### WHAT IS REQUIRED:
Repeat exactly, please, the opening lines of the data below, through and including the line where "settings SolverCC: MaxZcPerStep=1" sits.

= = = = =

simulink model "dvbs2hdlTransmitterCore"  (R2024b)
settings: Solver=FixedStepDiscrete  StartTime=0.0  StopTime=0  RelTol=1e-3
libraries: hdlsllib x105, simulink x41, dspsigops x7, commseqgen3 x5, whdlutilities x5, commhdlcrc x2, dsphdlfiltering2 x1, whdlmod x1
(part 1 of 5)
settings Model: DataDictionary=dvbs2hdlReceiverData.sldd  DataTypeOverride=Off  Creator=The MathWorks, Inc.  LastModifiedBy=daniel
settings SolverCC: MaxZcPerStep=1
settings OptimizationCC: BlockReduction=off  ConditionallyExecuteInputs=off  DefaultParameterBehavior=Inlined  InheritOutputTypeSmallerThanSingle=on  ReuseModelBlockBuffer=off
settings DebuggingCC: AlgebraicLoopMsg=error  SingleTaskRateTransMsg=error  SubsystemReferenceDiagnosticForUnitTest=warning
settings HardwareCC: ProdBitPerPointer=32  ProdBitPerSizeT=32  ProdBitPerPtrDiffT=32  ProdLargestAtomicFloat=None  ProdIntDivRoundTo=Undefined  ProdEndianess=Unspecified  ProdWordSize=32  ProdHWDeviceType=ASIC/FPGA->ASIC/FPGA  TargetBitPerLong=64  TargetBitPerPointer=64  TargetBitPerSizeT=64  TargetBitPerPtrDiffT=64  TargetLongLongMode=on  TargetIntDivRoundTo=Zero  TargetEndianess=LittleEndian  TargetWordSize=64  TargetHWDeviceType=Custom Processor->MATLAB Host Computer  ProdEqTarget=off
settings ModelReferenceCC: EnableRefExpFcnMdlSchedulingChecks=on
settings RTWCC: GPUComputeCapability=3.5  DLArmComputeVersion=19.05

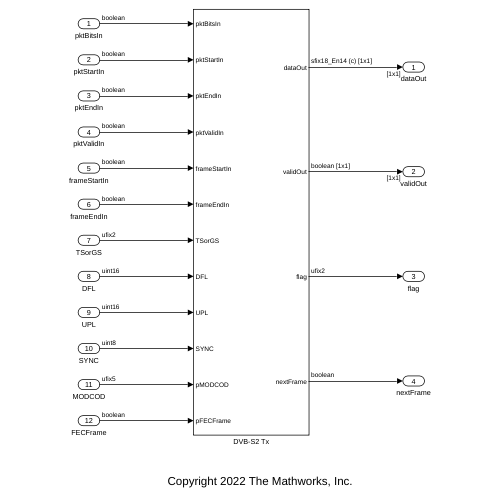
[thumbnail: Simulink's stored preview of the top-level diagram]
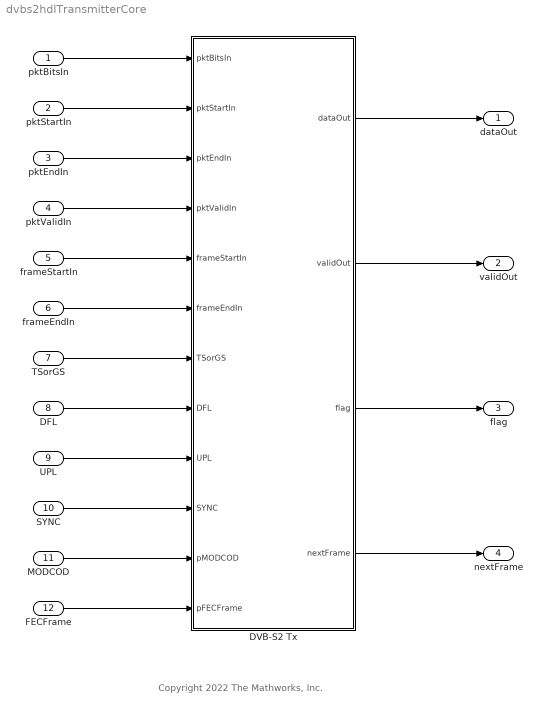
== system dvbs2hdlTransmitterCore ==
  note: Copyright 2022 The Mathworks, Inc.
  pktBitsIn : Inport  OutDataTypeStr=boolean  PortDimensions=1
  pktStartIn : Inport  Port=2  OutDataTypeStr=boolean  PortDimensions=1
  pktEndIn : Inport  Port=3  OutDataTypeStr=boolean  PortDimensions=1
  pktValidIn : Inport  Port=4  OutDataTypeStr=boolean  PortDimensions=1
  frameStartIn : Inport  Port=5  OutDataTypeStr=boolean  PortDimensions=1
  frameEndIn : Inport  Port=6  OutDataTypeStr=boolean  PortDimensions=1
  TSorGS : Inport  Port=7  OutDataTypeStr=fixdt(0,2,0)  PortDimensions=1
  DFL : Inport  Port=8  OutDataTypeStr=uint16  PortDimensions=1
  UPL : Inport  Port=9  OutDataTypeStr=uint16  PortDimensions=1
  SYNC : Inport  Port=10  OutDataTypeStr=uint8  PortDimensions=1
  MODCOD : Inport  Port=11  OutDataTypeStr=fixdt(0,5,0)  PortDimensions=1
  FECFrame : Inport  Port=12  OutDataTypeStr=boolean  PortDimensions=1
  DVB-S2 Tx : Subsystem  mask{Rsym=5e6}
      mask prompts: Rsym "Symbol Rate:"
      mask init:
      | config = dvbs2hdlTxParameters();
  dataOut : Outport
  validOut : Outport  Port=2
  flag : Outport  Port=3
  nextFrame : Outport  Port=4
  wires:
  pktBitsIn/1 -> DVB-S2 Tx/1(pktBitsIn)
  pktStartIn/1 -> DVB-S2 Tx/2(pktStartIn)
  pktEndIn/1 -> DVB-S2 Tx/3(pktEndIn)
  pktValidIn/1 -> DVB-S2 Tx/4(pktValidIn)
  frameStartIn/1 -> DVB-S2 Tx/5(frameStartIn)
  frameEndIn/1 -> DVB-S2 Tx/6(frameEndIn)
  TSorGS/1 -> DVB-S2 Tx/7(TSorGS)
  DFL/1 -> DVB-S2 Tx/8(DFL)
  UPL/1 -> DVB-S2 Tx/9(UPL)
  SYNC/1 -> DVB-S2 Tx/10(SYNC)
  MODCOD/1 -> DVB-S2 Tx/11(pMODCOD)
  FECFrame/1 -> DVB-S2 Tx/12(pFECFrame)
  DVB-S2 Tx/4(nextFrame) -> nextFrame/1
  DVB-S2 Tx/2(validOut) -> validOut/1
  DVB-S2 Tx/1(dataOut) -> dataOut/1
  DVB-S2 Tx/3(flag) -> flag/1

== system dvbs2hdlTransmitterCore/DVB-S2 Tx ==
  pktBitsIn : Inport  SampleTime=1/(Rsym*8)
  pktStartIn : Inport  Port=2
  pktEndIn : Inport  Port=3
  pktValidIn : Inport  Port=4
  frameStartIn : Inport  Port=5
  frameEndIn : Inport  Port=6
  TSorGS : Inport  Port=7
  DFL : Inport  Port=8
  UPL : Inport  Port=9
  SYNC : Inport  Port=10
  pMODCOD : Inport  Port=11
  pFECFrame : Inport  Port=12
  BB Frame Generator : Subsystem
  Bit Concat : hdlsllib/Logic and Bit Operations/Bit Concat  numInputs=2
  Delay : Delay  DelayLength=1
  FEC Encoder : Subsystem
  Interleaver : Subsystem
  Logical Operator : Logic  Operator=NOT  AllPortsSameDT=off  OutDataTypeStr=boolean
  Logical Operator1 : Logic  AllPortsSameDT=off  OutDataTypeStr=boolean
  MODCOD Source Coder : Subsystem
  No HDL : Subsystem
  PL Frame Generator : Subsystem
  RRC Transmit Filter : Subsystem
  Symbol Modulator : Subsystem
  Unit Delay Enabled Resettable Synchronous : hdlsllib/Discrete/Unit Delay Enabled Resettable Synchronous  InitialCondition=0.0  SampleTime=-1
  dataOut : Outport
  validOut : Outport  Port=2
  flag : Outport  Port=3
  nextFrame : Outport  Port=4
  wires:
  BB Frame Generator/4(validOut) -> MODCOD Source Coder/4(validIn)
  Delay/1 -> Logical Operator/1
  Logical Operator/1 -> Logical Operator1/2
  Logical Operator1/1 -> Unit Delay Enabled Resettable Synchronous/2, Unit Delay Enabled Resettable Synchronous/1
  PL Frame Generator/4(PLHeaderEnd) -> Bit Concat/2, No HDL/2(enb)
  PL Frame Generator/3(dummyHeaderEnd) -> Bit Concat/1, No HDL/1(Enable)
  Interleaver/8(MODCOD) -> Symbol Modulator/8(MODCOD)
  Interleaver/7(modIdx) -> Symbol Modulator/7(modIdx)
  Interleaver/6(codIdx) -> Symbol Modulator/6(codIdx)
  Interleaver/5(FECFrame) -> Symbol Modulator/5(FECFrame)
  Interleaver/4(validOut) -> Symbol Modulator/4(validIn)
  Interleaver/3(endOut) -> Symbol Modulator/3(endIn)
  Interleaver/2(startOut) -> Symbol Modulator/2(startIn)
  Interleaver/1(dataOut) -> Symbol Modulator/1(dataIn)
  FEC Encoder/7(MODCOD) -> Interleaver/7(MODCODIn)
  FEC Encoder/5(codOut) -> Interleaver/5(codIdxIn)
  FEC Encoder/2(validOut) -> Interleaver/2(validIn)
  FEC Encoder/1(dataOut) -> Interleaver/1(dataIn)
  PL Frame Generator/2(validOut) -> RRC Transmit Filter/2(validIn)
  PL Frame Generator/1(dataOut) -> RRC Transmit Filter/1(dataIn)
  Symbol Modulator/8(MODCODOut) -> PL Frame Generator/8(modcod)
  Symbol Modulator/7(FECFrameOut) -> PL Frame Generator/7(fecframeIn)
  Symbol Modulator/6(codIdxOut) -> PL Frame Generator/6(codIdxIn)
  Symbol Modulator/5(modIdxOut) -> PL Frame Generator/5(modIdxIn)
  Symbol Modulator/4(validOut) -> PL Frame Generator/4(validIn)
  Symbol Modulator/3(endOut) -> PL Frame Generator/3(endIn)
  Symbol Modulator/2(startOut) -> PL Frame Generator/2(startIn)
  Symbol Modulator/1(dataOut) -> PL Frame Generator/1(dataIn)
  RRC Transmit Filter/2(validOut) -> validOut/1
  RRC Transmit Filter/1(dataOut) -> dataOut/1
  pFECFrame/1 -> BB Frame Generator/12(pFECFrame)
  Interleaver/9(ready) -> Delay/1, Logical Operator1/1
  frameEndIn/1 -> BB Frame Generator/6(frameEndIn)
  TSorGS/1 -> BB Frame Generator/7(TSorGS)
  pktBitsIn/1 -> BB Frame Generator/1(pktBitsIn)
  pktEndIn/1 -> BB Frame Generator/3(pktEndIn)
  DFL/1 -> BB Frame Generator/8(DFL)
  FEC Encoder/3(startOut) -> Interleaver/3(paramValid)
  MODCOD Source Coder/4(validOut) -> FEC Encoder/4(validIn)
  pktValidIn/1 -> BB Frame Generator/4(pktValidIn)
  MODCOD Source Coder/1(dataOut) -> FEC Encoder/1(dataIn)
  MODCOD Source Coder/3(endOut) -> FEC Encoder/3(endIn)
  MODCOD Source Coder/8(MODCOD) -> FEC Encoder/8(MODCODIn)
  BB Frame Generator/6(FECFrame) -> MODCOD Source Coder/6(FECFrameIn)
  BB Frame Generator/1(dataOut) -> MODCOD Source Coder/1(dataIn)
  pMODCOD/1 -> BB Frame Generator/11(pMODCOD)
  MODCOD Source Coder/2(startOut) -> FEC Encoder/2(startIn)
  MODCOD Source Coder/6(codeRateIdx) -> FEC Encoder/6(codeRateIdxIn)
  SYNC/1 -> BB Frame Generator/10(SYNC)
  UPL/1 -> BB Frame Generator/9(UPL)
  BB Frame Generator/2(startOut) -> MODCOD Source Coder/2(startIn)
  pktStartIn/1 -> BB Frame Generator/2(pktStartIn)
  BB Frame Generator/5(MODCOD) -> MODCOD Source Coder/5(MODCODIn)
  MODCOD Source Coder/5(modIdx) -> FEC Encoder/5(modIdxIn)
  MODCOD Source Coder/7(FECFrame) -> FEC Encoder/7(FECFrameIn)
  frameStartIn/1 -> Unit Delay Enabled Resettable Synchronous/3, BB Frame Generator/5(frameStartIn)
  FEC Encoder/4(modOut) -> Interleaver/4(modIdxIn)
  BB Frame Generator/3(endOut) -> MODCOD Source Coder/3(endIn)
  FEC Encoder/6(fecOut) -> Interleaver/6(fecframeIn)
  Unit Delay Enabled Resettable Synchronous/1 -> nextFrame/1
  Bit Concat/1 -> flag/1

== system dvbs2hdlTransmitterCore/DVB-S2 Tx/BB Frame Generator ==
  pktBitsIn : Inport
  pktStartIn : Inport  Port=2
  pktEndIn : Inport  Port=3
  pktValidIn : Inport  Port=4
  frameStartIn : Inport  Port=5
  frameEndIn : Inport  Port=6
  TSorGS : Inport  Port=7
  DFL : Inport  Port=8
  UPL : Inport  Port=9
  SYNC : Inport  Port=10
  pMODCOD : Inport  Port=11
  pFECFrame : Inport  Port=12
  BB Header and Data CRC Generator : Subsystem
  BB Scrambler : Subsystem
  Data Store FIFO : Subsystem
  Delay{,1..5} (6 alike) : Delay  DelayLength=1
  Multiplexer : Subsystem
  Unit Delay Enabled Synchronous{,1..5} (6 alike) : hdlsllib/Discrete/Unit Delay Enabled Synchronous  InitialCondition=0.0  SampleTime=-1
  dataOut : Outport
  startOut : Outport  Port=2
  endOut : Outport  Port=3
  validOut : Outport  Port=4
  MODCOD : Outport  Port=5
  FECFrame : Outport  Port=6
  wires:
  BB Scrambler/6(FECFrameOut) -> FECFrame/1
  Multiplexer/6(FECFrameOut) -> BB Scrambler/6(FECFrame)
  Data Store FIFO/8(FECFrameOut) -> Multiplexer/8(FECFrame)
  BB Header and Data CRC Generator/9(FECFrameOut) -> Data Store FIFO/9(FECFrame)
  Unit Delay Enabled Synchronous5/1 -> BB Header and Data CRC Generator/12(FECFrame)
  pFECFrame/1 -> Unit Delay Enabled Synchronous5/1
  BB Scrambler/5(MODCODOut) -> MODCOD/1
  Multiplexer/5(MODCODOut) -> BB Scrambler/5(MODCOD)
  Data Store FIFO/7(MODCODOut) -> Multiplexer/7(MODCOD)
  BB Header and Data CRC Generator/8(MODCODOut) -> Data Store FIFO/8(MODCOD)
  pMODCOD/1 -> Unit Delay Enabled Synchronous4/1
  Unit Delay Enabled Synchronous4/1 -> BB Header and Data CRC Generator/11(MODCOD)
  BB Header and Data CRC Generator/7(validOut) -> Data Store FIFO/7(validOut)
  BB Header and Data CRC Generator/6(endOut) -> Data Store FIFO/6(endOut)
  BB Header and Data CRC Generator/5(startOut) -> Data Store FIFO/5(startOut)
  BB Header and Data CRC Generator/4(bitsOut) -> Data Store FIFO/4(bitsOut)
  Data Store FIFO/6(headerValid) -> Multiplexer/6(headerValid)
  Data Store FIFO/5(headerStart) -> Multiplexer/5(headerStart)
  Data Store FIFO/4(headerBits) -> Multiplexer/4(headerBits)
  Data Store FIFO/3(dataEnd) -> Multiplexer/3(dataEnd)
  Data Store FIFO/2(dataValid) -> Multiplexer/2(dataValid)
  Data Store FIFO/1(dataBits) -> Multiplexer/1(dataBits)
  BB Header and Data CRC Generator/3(DFLOut) -> Data Store FIFO/3(DFLOut)
  BB Header and Data CRC Generator/2(pktValid) -> Data Store FIFO/2(pktValid)
  BB Header and Data CRC Generator/1(pktBits) -> Data Store FIFO/1(pktBits)
  Unit Delay Enabled Synchronous3/1 -> BB Header and Data CRC Generator/10(SYNC)
  Unit Delay Enabled Synchronous2/1 -> BB Header and Data CRC Generator/9(UPL)
  Unit Delay Enabled Synchronous/1 -> BB Header and Data CRC Generator/8(DFL)
  Unit Delay Enabled Synchronous1/1 -> BB Header and Data CRC Generator/7(TSorGS)
  Delay2/1 -> BB Header and Data CRC Generator/6(frameStart)
  Delay/1 -> BB Header and Data CRC Generator/5(frameEnd)
  Delay1/1 -> BB Header and Data CRC Generator/4(validIn)
  Delay3/1 -> BB Header and Data CRC Generator/3(endIn)
  Delay4/1 -> BB Header and Data CRC Generator/2(startIn)
  Delay5/1 -> BB Header and Data CRC Generator/1(dataIn)
  BB Scrambler/4(validOut) -> validOut/1
  BB Scrambler/3(endOut) -> endOut/1
  BB Scrambler/2(startOut) -> startOut/1
  BB Scrambler/1(bitsOut) -> dataOut/1
  Multiplexer/1(dataOut) -> BB Scrambler/1(bitsIn)
  Multiplexer/3(endOut) -> BB Scrambler/3(endIn)
  Multiplexer/2(startOut) -> BB Scrambler/2(startIn)
  Multiplexer/4(validOut) -> BB Scrambler/4(validIn)
  frameStartIn/1 -> Delay2/1, Unit Delay Enabled Synchronous1/2, Unit Delay Enabled Synchronous/2, Unit Delay Enabled Synchronous2/2, Unit Delay Enabled Synchronous3/2, Unit Delay Enabled Synchronous4/2, Unit Delay Enabled Synchronous5/2
  pktBitsIn/1 -> Delay5/1
  pktStartIn/1 -> Delay4/1
  pktEndIn/1 -> Delay3/1
  pktValidIn/1 -> Delay1/1
  frameEndIn/1 -> Delay/1
  DFL/1 -> Unit Delay Enabled Synchronous/1
  UPL/1 -> Unit Delay Enabled Synchronous2/1
  SYNC/1 -> Unit Delay Enabled Synchronous3/1
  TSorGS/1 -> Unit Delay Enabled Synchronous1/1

= = = = =

### REPLY:
simulink model "dvbs2hdlTransmitterCore"  (R2024b)
settings: Solver=FixedStepDiscrete  StartTime=0.0  StopTime=0  RelTol=1e-3
libraries: hdlsllib x105, simulink x41, dspsigops x7, commseqgen3 x5, whdlutilities x5, commhdlcrc x2, dsphdlfiltering2 x1, whdlmod x1
(part 1 of 5)
settings Model: DataDictionary=dvbs2hdlReceiverData.sldd  DataTypeOverride=Off  Creator=The MathWorks, Inc.  LastModifiedBy=daniel
settings SolverCC: MaxZcPerStep=1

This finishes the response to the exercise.